DragonflyBSD kernel clock improvements

Sat Jan 24 10:01:15 PST 2004

In message <4012806B.7090102 at potentialtech.com>, Bill Moran writes:

>I saw this recently:
>http://www.dragonflybsd.org/Docs/nanosleep/
>
>I was wondering if anyone on the FreeBSD team has looked at this.  It doesn't
>appear as if any recent change have been made in the FreeBSD tree regarding
>this.

I just at it.

>It's probably not a big deal, but I just thought I'd point it out.

Well, it is as big a deal as you make it :-)

We have never aspired to be a RTos so far, so nothing has really
required us to support precise sleeps.  If we want to do that, it's
certainly possible to do it, and even possible to do it right as
opposed to the mistakes presented on the URL above, but as I'll
explain in a moment, probably not worth touching in the first place.

The measurements he presents on that page are irrellevant:  His
sleep periods obviously must start at the beginning of a tick,
otherwise his data would show +/- 1 tick jitter [1].

In other words, the performance he shows only applies to a process
which just got scheduled because of timer and then promptly goes
to sleep again, not a big market IMO.

If he did some actual I/O or CPU-churn, his process would start the
sleep at a random point between two Hz interrupts and his sleep
duration consequently suffer from half of 1/Hz phase noise (= +/-
1 tick jitter)

This is also why PLL'ing Hz misleads him to think he gets better
results:  he removes the jittering factor (the frequency offset
between his Hz and his timecounter) which otherwise would have
averaged out and given him a tell-tale standard deviation alerting
him to his mistake, provided he had done the measurement 101
calculation of statistics on a repeated measurement in the first
place.

In real life PLL'ing Hz will make no measurable difference because
the 1/hz jitter from the start time of the sleep period will be a
much larger fuzz factor.  The PLL will however make a difference
in some extreme round-off cases which do not happen until 1/Hz <
frequency error (ie typically not until HZ >> 10000).

The fact that he neither notices the absence of a +/- 1 tick jitter
in his data, nor the source of the sawtooth does not indicate a
deep of insight into the mechanisms he is trying to measure.

If you want to do it right, you need a programmable interrupting
timer so that you can program it to interrupt (a calibrated amount
of time before) the next time you need to schedule something.  This
is called "deadline interrupting" or "deadline timers" and as a
method it becomes more efficient than regular hearthbeat (like Hz)
when you want to get very high resolution/precision on your timeouts.

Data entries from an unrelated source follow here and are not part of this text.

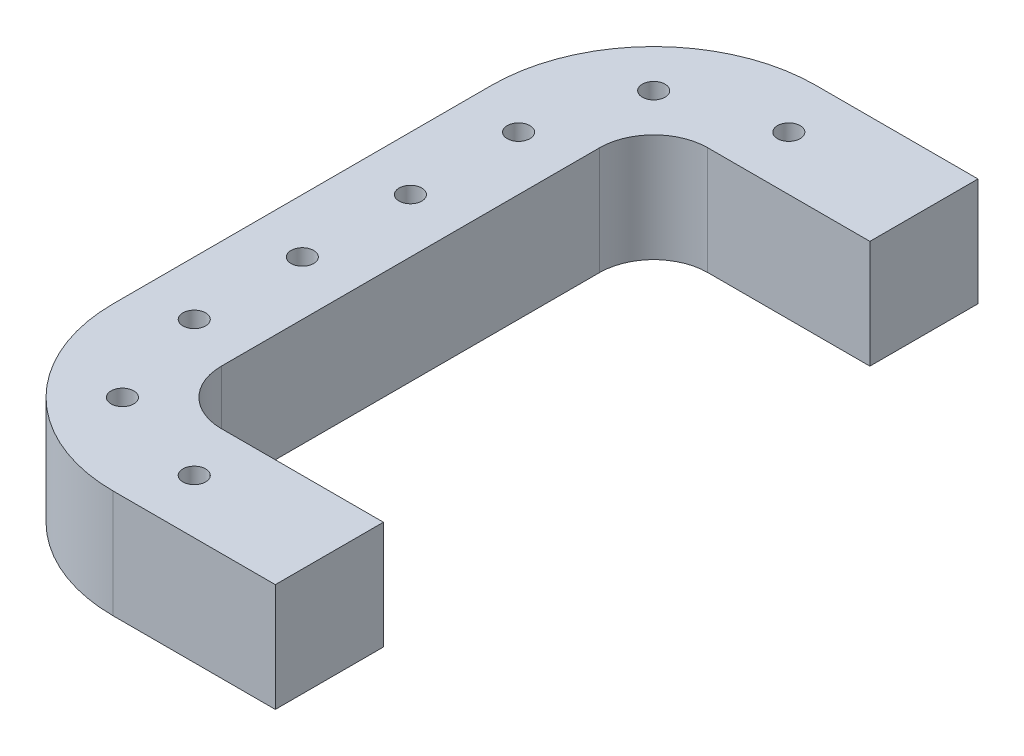
ISO-10303-21;
HEADER;
FILE_DESCRIPTION(('STEP AP214'),'2;1');
FILE_NAME('part.step','',(''),(''),'','','');
FILE_SCHEMA(('AUTOMOTIVE_DESIGN { 1 0 10303 214 1 1 1 1 }'));
ENDSEC;
DATA;
#1=APPLICATION_CONTEXT('core data for automotive mechanical design processes');
#2=APPLICATION_PROTOCOL_DEFINITION('international standard','automotive_design',2000,#1);
#3=PRODUCT_CONTEXT('',#1,'mechanical');
#4=PRODUCT('Part','Part','',(#3));
#5=PRODUCT_RELATED_PRODUCT_CATEGORY('part','',(#4));
#6=PRODUCT_DEFINITION_FORMATION('','',#4);
#7=PRODUCT_DEFINITION_CONTEXT('part definition',#1,'design');
#8=PRODUCT_DEFINITION('design','',#6,#7);
#9=PRODUCT_DEFINITION_SHAPE('','',#8);
#10=(LENGTH_UNIT() NAMED_UNIT(*) SI_UNIT(.MILLI.,.METRE.));
#11=(NAMED_UNIT(*) PLANE_ANGLE_UNIT() SI_UNIT($,.RADIAN.));
#12=(NAMED_UNIT(*) SI_UNIT($,.STERADIAN.) SOLID_ANGLE_UNIT());
#13=UNCERTAINTY_MEASURE_WITH_UNIT(LENGTH_MEASURE(1.E-05),#10,'distance_accuracy_value','');
#14=(GEOMETRIC_REPRESENTATION_CONTEXT(3) GLOBAL_UNCERTAINTY_ASSIGNED_CONTEXT((#13)) GLOBAL_UNIT_ASSIGNED_CONTEXT((#10,
#11,#12)) REPRESENTATION_CONTEXT('',''));
#15=CARTESIAN_POINT('',(0.,0.,0.));
#16=DIRECTION('',(0.,0.,1.));
#17=DIRECTION('',(1.,0.,0.));
#18=AXIS2_PLACEMENT_3D('',#15,#16,#17);
#19=CARTESIAN_POINT('',(10.,10.,0.));
#20=DIRECTION('',(-1.,0.,0.));
#21=DIRECTION('',(0.,0.,1.));
#22=AXIS2_PLACEMENT_3D('',#19,#20,#21);
#23=PLANE('',#22);
#24=DIRECTION('',(0.,0.,-1.));
#25=VECTOR('',#24,1.);
#26=CARTESIAN_POINT('',(10.,-10.,0.));
#27=LINE('',#26,#25);
#28=CARTESIAN_POINT('',(10.,-10.,40.));
#29=VERTEX_POINT('',#28);
#30=CARTESIAN_POINT('',(10.,-10.,-30.));
#31=VERTEX_POINT('',#30);
#32=EDGE_CURVE('E125',#29,#31,#27,.T.);
#33=ORIENTED_EDGE('',*,*,#32,.T.);
#34=DIRECTION('',(0.,-1.,0.));
#35=VECTOR('',#34,1.);
#36=CARTESIAN_POINT('',(10.,10.,-30.));
#37=LINE('',#36,#35);
#38=CARTESIAN_POINT('',(10.,10.,-30.));
#39=VERTEX_POINT('',#38);
#40=EDGE_CURVE('E11',#39,#31,#37,.T.);
#41=ORIENTED_EDGE('',*,*,#40,.F.);
#42=DIRECTION('',(0.,0.,-1.));
#43=VECTOR('',#42,1.);
#44=CARTESIAN_POINT('',(10.,10.,0.));
#45=LINE('',#44,#43);
#46=CARTESIAN_POINT('',(10.,10.,40.));
#47=VERTEX_POINT('',#46);
#48=EDGE_CURVE('E87',#47,#39,#45,.T.);
#49=ORIENTED_EDGE('',*,*,#48,.F.);
#50=DIRECTION('',(0.,-1.,0.));
#51=VECTOR('',#50,1.);
#52=CARTESIAN_POINT('',(10.,10.,40.));
#53=LINE('',#52,#51);
#54=EDGE_CURVE('E189',#47,#29,#53,.T.);
#55=ORIENTED_EDGE('',*,*,#54,.T.);
#56=EDGE_LOOP('',(#33,#41,#49,#55));
#57=FACE_BOUND('',#56,.T.);
#58=ADVANCED_FACE('F33',(#57),#23,.F.);
#59=CARTESIAN_POINT('',(20.,10.,-30.));
#60=DIRECTION('',(0.,-1.,0.));
#61=DIRECTION('',(0.,0.,-1.));
#62=AXIS2_PLACEMENT_3D('',#59,#60,#61);
#63=CYLINDRICAL_SURFACE('',#62,10.);
#64=CARTESIAN_POINT('',(20.,-10.,-30.));
#65=DIRECTION('',(0.,-1.,0.));
#66=DIRECTION('',(0.,0.,-1.));
#67=AXIS2_PLACEMENT_3D('',#64,#65,#66);
#68=CIRCLE('',#67,10.);
#69=CARTESIAN_POINT('',(20.,-10.,-40.));
#70=VERTEX_POINT('',#69);
#71=EDGE_CURVE('E127',#31,#70,#68,.T.);
#72=ORIENTED_EDGE('',*,*,#71,.T.);
#73=DIRECTION('',(0.,-1.,0.));
#74=VECTOR('',#73,1.);
#75=CARTESIAN_POINT('',(20.,10.,-40.));
#76=LINE('',#75,#74);
#77=CARTESIAN_POINT('',(20.,10.,-40.));
#78=VERTEX_POINT('',#77);
#79=EDGE_CURVE('E41',#78,#70,#76,.T.);
#80=ORIENTED_EDGE('',*,*,#79,.F.);
#81=CARTESIAN_POINT('',(20.,10.,-30.));
#82=DIRECTION('',(0.,-1.,0.));
#83=DIRECTION('',(0.,0.,-1.));
#84=AXIS2_PLACEMENT_3D('',#81,#82,#83);
#85=CIRCLE('',#84,10.);
#86=EDGE_CURVE('E216',#39,#78,#85,.T.);
#87=ORIENTED_EDGE('',*,*,#86,.F.);
#88=ORIENTED_EDGE('',*,*,#40,.T.);
#89=EDGE_LOOP('',(#72,#80,#87,#88));
#90=FACE_BOUND('',#89,.T.);
#91=ADVANCED_FACE('F217',(#90),#63,.F.);
#92=CARTESIAN_POINT('',(20.,10.,-40.));
#93=DIRECTION('',(0.,0.,-1.));
#94=DIRECTION('',(-1.,0.,0.));
#95=AXIS2_PLACEMENT_3D('',#92,#93,#94);
#96=PLANE('',#95);
#97=DIRECTION('',(1.,0.,0.));
#98=VECTOR('',#97,1.);
#99=CARTESIAN_POINT('',(20.,-10.,-40.));
#100=LINE('',#99,#98);
#101=CARTESIAN_POINT('',(50.,-10.,-40.));
#102=VERTEX_POINT('',#101);
#103=EDGE_CURVE('E130',#70,#102,#100,.T.);
#104=ORIENTED_EDGE('',*,*,#103,.T.);
#105=DIRECTION('',(0.,-1.,0.));
#106=VECTOR('',#105,1.);
#107=CARTESIAN_POINT('',(50.,10.,-40.));
#108=LINE('',#107,#106);
#109=CARTESIAN_POINT('',(50.,10.,-40.));
#110=VERTEX_POINT('',#109);
#111=EDGE_CURVE('E114',#110,#102,#108,.T.);
#112=ORIENTED_EDGE('',*,*,#111,.F.);
#113=DIRECTION('',(1.,0.,0.));
#114=VECTOR('',#113,1.);
#115=CARTESIAN_POINT('',(20.,10.,-40.));
#116=LINE('',#115,#114);
#117=EDGE_CURVE('E105',#78,#110,#116,.T.);
#118=ORIENTED_EDGE('',*,*,#117,.F.);
#119=ORIENTED_EDGE('',*,*,#79,.T.);
#120=EDGE_LOOP('',(#104,#112,#118,#119));
#121=FACE_BOUND('',#120,.T.);
#122=ADVANCED_FACE('F144',(#121),#96,.F.);
#123=CARTESIAN_POINT('',(50.,10.,-40.));
#124=DIRECTION('',(-1.,0.,0.));
#125=DIRECTION('',(0.,0.,1.));
#126=AXIS2_PLACEMENT_3D('',#123,#124,#125);
#127=PLANE('',#126);
#128=DIRECTION('',(0.,0.,-1.));
#129=VECTOR('',#128,1.);
#130=CARTESIAN_POINT('',(50.,-10.,-40.));
#131=LINE('',#130,#129);
#132=CARTESIAN_POINT('',(50.,-10.,-60.));
#133=VERTEX_POINT('',#132);
#134=EDGE_CURVE('E113',#102,#133,#131,.T.);
#135=ORIENTED_EDGE('',*,*,#134,.T.);
#136=DIRECTION('',(0.,-1.,0.));
#137=VECTOR('',#136,1.);
#138=CARTESIAN_POINT('',(50.,10.,-60.));
#139=LINE('',#138,#137);
#140=CARTESIAN_POINT('',(50.,10.,-60.));
#141=VERTEX_POINT('',#140);
#142=EDGE_CURVE('E110',#141,#133,#139,.T.);
#143=ORIENTED_EDGE('',*,*,#142,.F.);
#144=DIRECTION('',(0.,0.,-1.));
#145=VECTOR('',#144,1.);
#146=CARTESIAN_POINT('',(50.,10.,-40.));
#147=LINE('',#146,#145);
#148=EDGE_CURVE('E98',#110,#141,#147,.T.);
#149=ORIENTED_EDGE('',*,*,#148,.F.);
#150=ORIENTED_EDGE('',*,*,#111,.T.);
#151=EDGE_LOOP('',(#135,#143,#149,#150));
#152=FACE_BOUND('',#151,.T.);
#153=ADVANCED_FACE('F111',(#152),#127,.F.);
#154=CARTESIAN_POINT('',(20.,10.,-60.));
#155=DIRECTION('',(0.,0.,1.));
#156=DIRECTION('',(1.,0.,0.));
#157=AXIS2_PLACEMENT_3D('',#154,#155,#156);
#158=PLANE('',#157);
#159=DIRECTION('',(-1.,0.,0.));
#160=VECTOR('',#159,1.);
#161=CARTESIAN_POINT('',(20.,-10.,-60.));
#162=LINE('',#161,#160);
#163=CARTESIAN_POINT('',(20.,-10.,-60.));
#164=VERTEX_POINT('',#163);
#165=EDGE_CURVE('E73',#133,#164,#162,.T.);
#166=ORIENTED_EDGE('',*,*,#165,.T.);
#167=DIRECTION('',(0.,-1.,0.));
#168=VECTOR('',#167,1.);
#169=CARTESIAN_POINT('',(20.,10.,-60.));
#170=LINE('',#169,#168);
#171=CARTESIAN_POINT('',(20.,10.,-60.));
#172=VERTEX_POINT('',#171);
#173=EDGE_CURVE('E115',#172,#164,#170,.T.);
#174=ORIENTED_EDGE('',*,*,#173,.F.);
#175=DIRECTION('',(-1.,0.,0.));
#176=VECTOR('',#175,1.);
#177=CARTESIAN_POINT('',(20.,10.,-60.));
#178=LINE('',#177,#176);
#179=EDGE_CURVE('E103',#141,#172,#178,.T.);
#180=ORIENTED_EDGE('',*,*,#179,.F.);
#181=ORIENTED_EDGE('',*,*,#142,.T.);
#182=EDGE_LOOP('',(#166,#174,#180,#181));
#183=FACE_BOUND('',#182,.T.);
#184=ADVANCED_FACE('F117',(#183),#158,.F.);
#185=CARTESIAN_POINT('',(20.,10.,-30.));
#186=DIRECTION('',(0.,-1.,0.));
#187=DIRECTION('',(0.,0.,-1.));
#188=AXIS2_PLACEMENT_3D('',#185,#186,#187);
#189=CYLINDRICAL_SURFACE('',#188,30.);
#190=CARTESIAN_POINT('',(20.,-10.,-30.));
#191=DIRECTION('',(0.,1.,0.));
#192=DIRECTION('',(0.,0.,-1.));
#193=AXIS2_PLACEMENT_3D('',#190,#191,#192);
#194=CIRCLE('',#193,30.);
#195=CARTESIAN_POINT('',(-10.,-10.,-30.));
#196=VERTEX_POINT('',#195);
#197=EDGE_CURVE('E79',#164,#196,#194,.T.);
#198=ORIENTED_EDGE('',*,*,#197,.T.);
#199=DIRECTION('',(0.,-1.,0.));
#200=VECTOR('',#199,1.);
#201=CARTESIAN_POINT('',(-10.,10.,-30.));
#202=LINE('',#201,#200);
#203=CARTESIAN_POINT('',(-10.,10.,-30.));
#204=VERTEX_POINT('',#203);
#205=EDGE_CURVE('E124',#204,#196,#202,.T.);
#206=ORIENTED_EDGE('',*,*,#205,.F.);
#207=CARTESIAN_POINT('',(20.,10.,-30.));
#208=DIRECTION('',(0.,1.,0.));
#209=DIRECTION('',(0.,0.,-1.));
#210=AXIS2_PLACEMENT_3D('',#207,#208,#209);
#211=CIRCLE('',#210,30.);
#212=EDGE_CURVE('E49',#172,#204,#211,.T.);
#213=ORIENTED_EDGE('',*,*,#212,.F.);
#214=ORIENTED_EDGE('',*,*,#173,.T.);
#215=EDGE_LOOP('',(#198,#206,#213,#214));
#216=FACE_BOUND('',#215,.T.);
#217=ADVANCED_FACE('F304',(#216),#189,.T.);
#218=CARTESIAN_POINT('',(-10.,10.,0.));
#219=DIRECTION('',(1.,0.,0.));
#220=DIRECTION('',(0.,0.,-1.));
#221=AXIS2_PLACEMENT_3D('',#218,#219,#220);
#222=PLANE('',#221);
#223=DIRECTION('',(0.,0.,1.));
#224=VECTOR('',#223,1.);
#225=CARTESIAN_POINT('',(-10.,-10.,0.));
#226=LINE('',#225,#224);
#227=CARTESIAN_POINT('',(-9.99999999999999,-10.,40.));
#228=VERTEX_POINT('',#227);
#229=EDGE_CURVE('E135',#196,#228,#226,.T.);
#230=ORIENTED_EDGE('',*,*,#229,.T.);
#231=DIRECTION('',(0.,-1.,0.));
#232=VECTOR('',#231,1.);
#233=CARTESIAN_POINT('',(-9.99999999999999,10.,40.));
#234=LINE('',#233,#232);
#235=CARTESIAN_POINT('',(-9.99999999999999,10.,40.));
#236=VERTEX_POINT('',#235);
#237=EDGE_CURVE('E162',#236,#228,#234,.T.);
#238=ORIENTED_EDGE('',*,*,#237,.F.);
#239=DIRECTION('',(0.,0.,1.));
#240=VECTOR('',#239,1.);
#241=CARTESIAN_POINT('',(-10.,10.,0.));
#242=LINE('',#241,#240);
#243=EDGE_CURVE('E119',#204,#236,#242,.T.);
#244=ORIENTED_EDGE('',*,*,#243,.F.);
#245=ORIENTED_EDGE('',*,*,#205,.T.);
#246=EDGE_LOOP('',(#230,#238,#244,#245));
#247=FACE_BOUND('',#246,.T.);
#248=ADVANCED_FACE('F160',(#247),#222,.F.);
#249=CARTESIAN_POINT('',(20.,10.,-30.));
#250=DIRECTION('',(0.,-1.,0.));
#251=DIRECTION('',(0.,0.,-1.));
#252=AXIS2_PLACEMENT_3D('',#249,#250,#251);
#253=PLANE('',#252);
#254=CARTESIAN_POINT('',(0.,10.,-5.));
#255=DIRECTION('',(0.,1.,0.));
#256=DIRECTION('',(0.,0.,1.));
#257=AXIS2_PLACEMENT_3D('',#254,#255,#256);
#258=CIRCLE('',#257,2.1);
#259=CARTESIAN_POINT('',(0.,10.,-2.9));
#260=VERTEX_POINT('',#259);
#261=EDGE_CURVE('E192',#260,#260,#258,.T.);
#262=ORIENTED_EDGE('',*,*,#261,.F.);
#263=EDGE_LOOP('',(#262));
#264=FACE_BOUND('',#263,.T.);
#265=CARTESIAN_POINT('',(25.,10.,-50.));
#266=DIRECTION('',(0.,1.,0.));
#267=DIRECTION('',(0.,0.,-1.));
#268=AXIS2_PLACEMENT_3D('',#265,#266,#267);
#269=CIRCLE('',#268,2.1);
#270=CARTESIAN_POINT('',(25.,10.,-52.1));
#271=VERTEX_POINT('',#270);
#272=EDGE_CURVE('E203',#271,#271,#269,.T.);
#273=ORIENTED_EDGE('',*,*,#272,.F.);
#274=EDGE_LOOP('',(#273));
#275=FACE_BOUND('',#274,.T.);
#276=CARTESIAN_POINT('',(0.,10.,-25.));
#277=DIRECTION('',(0.,1.,0.));
#278=DIRECTION('',(0.,0.,1.));
#279=AXIS2_PLACEMENT_3D('',#276,#277,#278);
#280=CIRCLE('',#279,2.1);
#281=CARTESIAN_POINT('',(0.,10.,-22.9));
#282=VERTEX_POINT('',#281);
#283=EDGE_CURVE('E197',#282,#282,#280,.T.);
#284=ORIENTED_EDGE('',*,*,#283,.F.);
#285=EDGE_LOOP('',(#284));
#286=FACE_BOUND('',#285,.T.);
#287=CARTESIAN_POINT('',(5.85786437626905,10.,-44.142135623731));
#288=DIRECTION('',(0.,1.,0.));
#289=DIRECTION('',(0.,0.,1.));
#290=AXIS2_PLACEMENT_3D('',#287,#288,#289);
#291=CIRCLE('',#290,2.1);
#292=CARTESIAN_POINT('',(5.85786437626905,10.,-42.0421356237309));
#293=VERTEX_POINT('',#292);
#294=EDGE_CURVE('E196',#293,#293,#291,.T.);
#295=ORIENTED_EDGE('',*,*,#294,.F.);
#296=EDGE_LOOP('',(#295));
#297=FACE_BOUND('',#296,.T.);
#298=ORIENTED_EDGE('',*,*,#243,.T.);
#299=CARTESIAN_POINT('',(20.,10.,40.));
#300=DIRECTION('',(0.,-1.,0.));
#301=DIRECTION('',(0.,0.,1.));
#302=AXIS2_PLACEMENT_3D('',#299,#300,#301);
#303=CIRCLE('',#302,30.);
#304=CARTESIAN_POINT('',(20.,10.,70.));
#305=VERTEX_POINT('',#304);
#306=EDGE_CURVE('E171',#305,#236,#303,.T.);
#307=ORIENTED_EDGE('',*,*,#306,.F.);
#308=DIRECTION('',(-1.,0.,0.));
#309=VECTOR('',#308,1.);
#310=CARTESIAN_POINT('',(20.,10.,70.));
#311=LINE('',#310,#309);
#312=CARTESIAN_POINT('',(50.,10.,70.));
#313=VERTEX_POINT('',#312);
#314=EDGE_CURVE('E176',#313,#305,#311,.T.);
#315=ORIENTED_EDGE('',*,*,#314,.F.);
#316=DIRECTION('',(0.,0.,1.));
#317=VECTOR('',#316,1.);
#318=CARTESIAN_POINT('',(50.,10.,50.));
#319=LINE('',#318,#317);
#320=CARTESIAN_POINT('',(50.,10.,50.));
#321=VERTEX_POINT('',#320);
#322=EDGE_CURVE('E249',#321,#313,#319,.T.);
#323=ORIENTED_EDGE('',*,*,#322,.F.);
#324=DIRECTION('',(1.,0.,0.));
#325=VECTOR('',#324,1.);
#326=CARTESIAN_POINT('',(20.,10.,50.));
#327=LINE('',#326,#325);
#328=CARTESIAN_POINT('',(20.,10.,50.));
#329=VERTEX_POINT('',#328);
#330=EDGE_CURVE('E245',#329,#321,#327,.T.);
#331=ORIENTED_EDGE('',*,*,#330,.F.);
#332=CARTESIAN_POINT('',(20.,10.,40.));
#333=DIRECTION('',(0.,1.,0.));
#334=DIRECTION('',(0.,0.,1.));
#335=AXIS2_PLACEMENT_3D('',#332,#333,#334);
#336=CIRCLE('',#335,10.);
#337=EDGE_CURVE('E244',#47,#329,#336,.T.);
#338=ORIENTED_EDGE('',*,*,#337,.F.);
#339=ORIENTED_EDGE('',*,*,#48,.T.);
#340=ORIENTED_EDGE('',*,*,#86,.T.);
#341=ORIENTED_EDGE('',*,*,#117,.T.);
#342=ORIENTED_EDGE('',*,*,#148,.T.);
#343=ORIENTED_EDGE('',*,*,#179,.T.);
#344=ORIENTED_EDGE('',*,*,#212,.T.);
#345=EDGE_LOOP('',(#298,#307,#315,#323,#331,#338,#339,#340,#341,#342,#343,#344));
#346=FACE_BOUND('',#345,.T.);
#347=CARTESIAN_POINT('',(0.,10.,15.));
#348=DIRECTION('',(0.,-1.,0.));
#349=DIRECTION('',(0.,0.,-1.));
#350=AXIS2_PLACEMENT_3D('',#347,#348,#349);
#351=CIRCLE('',#350,2.1);
#352=CARTESIAN_POINT('',(0.,10.,12.9));
#353=VERTEX_POINT('',#352);
#354=EDGE_CURVE('E439',#353,#353,#351,.T.);
#355=ORIENTED_EDGE('',*,*,#354,.T.);
#356=EDGE_LOOP('',(#355));
#357=FACE_BOUND('',#356,.T.);
#358=CARTESIAN_POINT('',(25.,10.,60.));
#359=DIRECTION('',(0.,-1.,0.));
#360=DIRECTION('',(0.,0.,1.));
#361=AXIS2_PLACEMENT_3D('',#358,#359,#360);
#362=CIRCLE('',#361,2.1);
#363=CARTESIAN_POINT('',(25.,10.,62.1));
#364=VERTEX_POINT('',#363);
#365=EDGE_CURVE('E441',#364,#364,#362,.T.);
#366=ORIENTED_EDGE('',*,*,#365,.T.);
#367=EDGE_LOOP('',(#366));
#368=FACE_BOUND('',#367,.T.);
#369=CARTESIAN_POINT('',(0.,10.,35.));
#370=DIRECTION('',(0.,-1.,0.));
#371=DIRECTION('',(0.,0.,-1.));
#372=AXIS2_PLACEMENT_3D('',#369,#370,#371);
#373=CIRCLE('',#372,2.1);
#374=CARTESIAN_POINT('',(0.,10.,32.9));
#375=VERTEX_POINT('',#374);
#376=EDGE_CURVE('E449',#375,#375,#373,.T.);
#377=ORIENTED_EDGE('',*,*,#376,.T.);
#378=EDGE_LOOP('',(#377));
#379=FACE_BOUND('',#378,.T.);
#380=CARTESIAN_POINT('',(5.85786437626906,10.,54.1421356237309));
#381=DIRECTION('',(0.,-1.,0.));
#382=DIRECTION('',(0.,0.,-1.));
#383=AXIS2_PLACEMENT_3D('',#380,#381,#382);
#384=CIRCLE('',#383,2.1);
#385=CARTESIAN_POINT('',(5.85786437626906,10.,52.0421356237309));
#386=VERTEX_POINT('',#385);
#387=EDGE_CURVE('E237',#386,#386,#384,.T.);
#388=ORIENTED_EDGE('',*,*,#387,.T.);
#389=EDGE_LOOP('',(#388));
#390=FACE_BOUND('',#389,.T.);
#391=ADVANCED_FACE('F100',(#264,#275,#286,#297,#346,#357,#368,#379,#390),#253,.F.);
#392=CARTESIAN_POINT('',(20.,-10.,-30.));
#393=DIRECTION('',(0.,-1.,0.));
#394=DIRECTION('',(0.,0.,-1.));
#395=AXIS2_PLACEMENT_3D('',#392,#393,#394);
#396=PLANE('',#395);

Now, before you jump in and start coding, a lot of other factors
need to be looked at as well.  You will never get the precision/resolution
of sleeps better than the sum off:

	worst case interrupt latency +
	lock resolution +  (= "premtion delay")
	context switch +
	VM activation (if the target is paged out or on
	    pages which must be activated by page-faults first) +
	cache flushes +
	fudgefactor for busmaster hogs slowing the CPU down.

If your hardware suffers from "misfeatures" like CPU-throtteling
you need to figure that in too.

The sum above is a pretty high number of microseconds for a normal
unix kernel and makes the deadline interrupting rather pointless
considering that our heartbeat method does 1 millisecond (HZ=2000,
because of Nyquist) without any real problems and 100 microsecond
(HZ=20000) with only a minor tradeoff in overall performance.

The fact that PC hardware in general lacks usable hardware for the
purpose is of course also a strong factor against.

Compare the above sum for UNIX with that of a dedicated 5$ micro
controller and you will understand why UNIX as an RTos is not a
viable concept:  The micro controller can guarantee that the first
instruction of your code executes within N +/- M clock cycles where
M is typically less than four and a clockcycle can be as little as
25nsec yielding 100nsec precision.  If you spend more than $5
you get even better numbers.

Far more productive for FreeBSD would be the implementation of a
calibrated "nanodelay()" for device drivers to use.  DELAY() has
more problems than anyone care to list anymore.

Poul-Henning

[1] This is a basic fact of nature.

When you look on your bedside alarmclock and it shows 05:59AM, you
have no way of knowing how many seconds before the beep starts at
06:00AM.  It can be any number from 1 to 60.  When you time your
daily jog by subtracting a "before" reading from an "after" reading,
your uncertainty is twice that amount = +/- one minute.

-- 
Poul-Henning Kamp       | UNIX since Zilog Zeus 3.20
phk at FreeBSD.ORG         | TCP/IP since RFC 956
FreeBSD committer       | BSD since 4.3-tahoe    
Never attribute to malice what can adequately be explained by incompetence.